There was no one around, or so I thought, but while sitting at this stop light all of a sudden three girls had appeared next to my car, trying to open the passenger side door! I could see that they were quite cold, and covered in snow, so I unlocked my car door and the three of them piled in, two in the back seats, and one next to me in front.

The girls began to explain that they had been walking for two hours in the snowstorm. They had left a party in Brooklyn Park, MN because these guys they had met had tried to make some bad moves on them. I was curious why they would go to a party with guys like that and they explained that they had met them while hitchhiking along a county road up near Hinkley, Minnesota.

I told them that there was no way I could drive them back to Hinkley, with the weather being so bad and stuff. Hinkley is about 45 miles Northeast of Minneapolis. They begged me NOT to take them back to Hinkley; ever, because they had all escaped from a group home up there! They said they were being abused by the staff at this group home, and that the cops would be looking for them. I assumed that since they were all from a group home, that asking them to call their parents was out of the question.

They told me that all they wanted was a warm place to sleep for the night and they would be gone the next day. Taking them back to my place was out of the question, I was living with my parents at the time. They wouldn't have appreciated me bringing home three teenage girls that I didn't even know the names of, let alone the fact they were running away from a group home.

I always had friends whose parents would take in runaways, so we found a phone booth and started making some phone calls. Being it was so late in the evening, I was limited in who I dared call about taking in strangers, but I was able to convince this lady I knew (Betty), who lived in a Section 8 complex, to take them in. She lived with her two young daughters and no men, so it was a good arrangement, especially since the girls had informed me that they were 16 and 17 years old.

The girls ended up staying at Betty's place for three or four days. It was enough time for them to find other living arrangements and also apply for jobs in the city. I ran into two of them (both 18 now) about a year later at a bus stop. They thanked me for helping them out, and told me how they now had a place of their own and steady jobs. They never did get caught by the cops or found by the group home people. (Fake IDs were easy to come by in those days).

That is the only time in my life where someone has just walked up to my vehicle and more less forced their way into a ride. I felt good about helping them out afterwards though. 

(Comments are owned by the poster; digihitch.com is not responsible for their content)

inverse hitchhiking by RABBIT_INT (Aug 02, 2009 @ 10:36 AM CST)
so, it seemed to be a positive experience for you. when I read your subj line I thought you were doing what I myself did down the 101 in 2005. I was in a vehicle owned by some crusties and in an effort to pick up more gas spangers, we drove into all the likely spots (san fran, slo, etc) with the side of the van spray painted "hitchhikers needed" we ended up picking up and dropping off no fewer that 30 hippies who didnt know they even wanted a ride at first. maybe this is the beginning of a whole new era!

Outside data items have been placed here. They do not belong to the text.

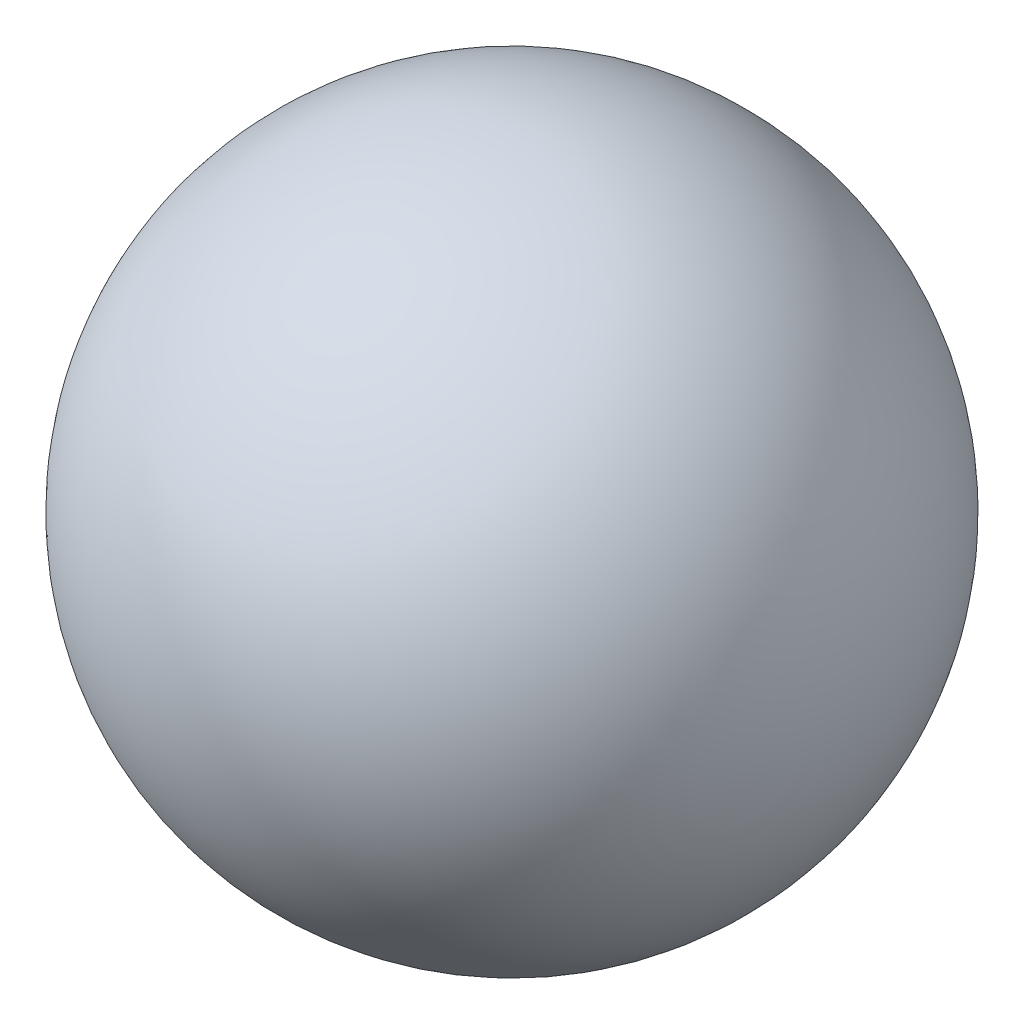
SolidWorks part; units mm, degrees
ref_plane "Front Plane" through (0, 0, 0) normal (0, 0, 1) x (1, 0, 0)
ref_plane "Top Plane" through (0, 0, 0) normal (0, 1, 0) x (1, 0, 0)
ref_plane "Right Plane" through (0, 0, 0) normal (1, 0, 0) x (0, 0, -1)
sketch "Sketch1" plane through (0, 0, 0) normal (0, 0, 1) x (1, 0, 0)
  line L0 (-21, 0) -> (21, 0)
  arc A1 (-21, 0) -> (21, 0) centre (0, 0) ccw
  point P5 (27.9336, 0)
  dimension "D1" = 42
revolve "Revolve1" add sketch "Sketch1" angle 360 about L0 region at (0, -8.9127, 0)

inverse hitchhiking by Pooterdunk (Aug 03, 2009 @ 10:51 PM CST)
I think for most single guys under 40, picking up girls is a positive experience. As I've gotten older, and the laws have changed (for the worse), I'd be a bit more hesitant to help out runaway girls. I do remember my days of Cruising Main Street in downtown Hopkins, MN on Fridays and Saturday nights. There was a one block stretch along the cruising strip, called "South Wall" where all the "tween girls" hung out hoping to have some guy(s) ask them to ride around for awhile. There were several occasions where I picked them up in my car, or filled the back of my pick up with about 16 of them at one time. That was back in the late 70's. Now days, the seatbelt laws have ended riding free in the back of pickups, and the sex laws have ended teenage girls riding around with guys over 18 that they don't know. For that matter the loitering and curfew laws now days would have 90% of those girls being picked up by the cops! Back then the cops just drove by and waved. I suppose you could consider what I did almost the same as picking up hitchhikers, though we didn't go anywhere but back and forth on the same street all night. I sure got to know a heck of a lot of people doing that back then. Fun!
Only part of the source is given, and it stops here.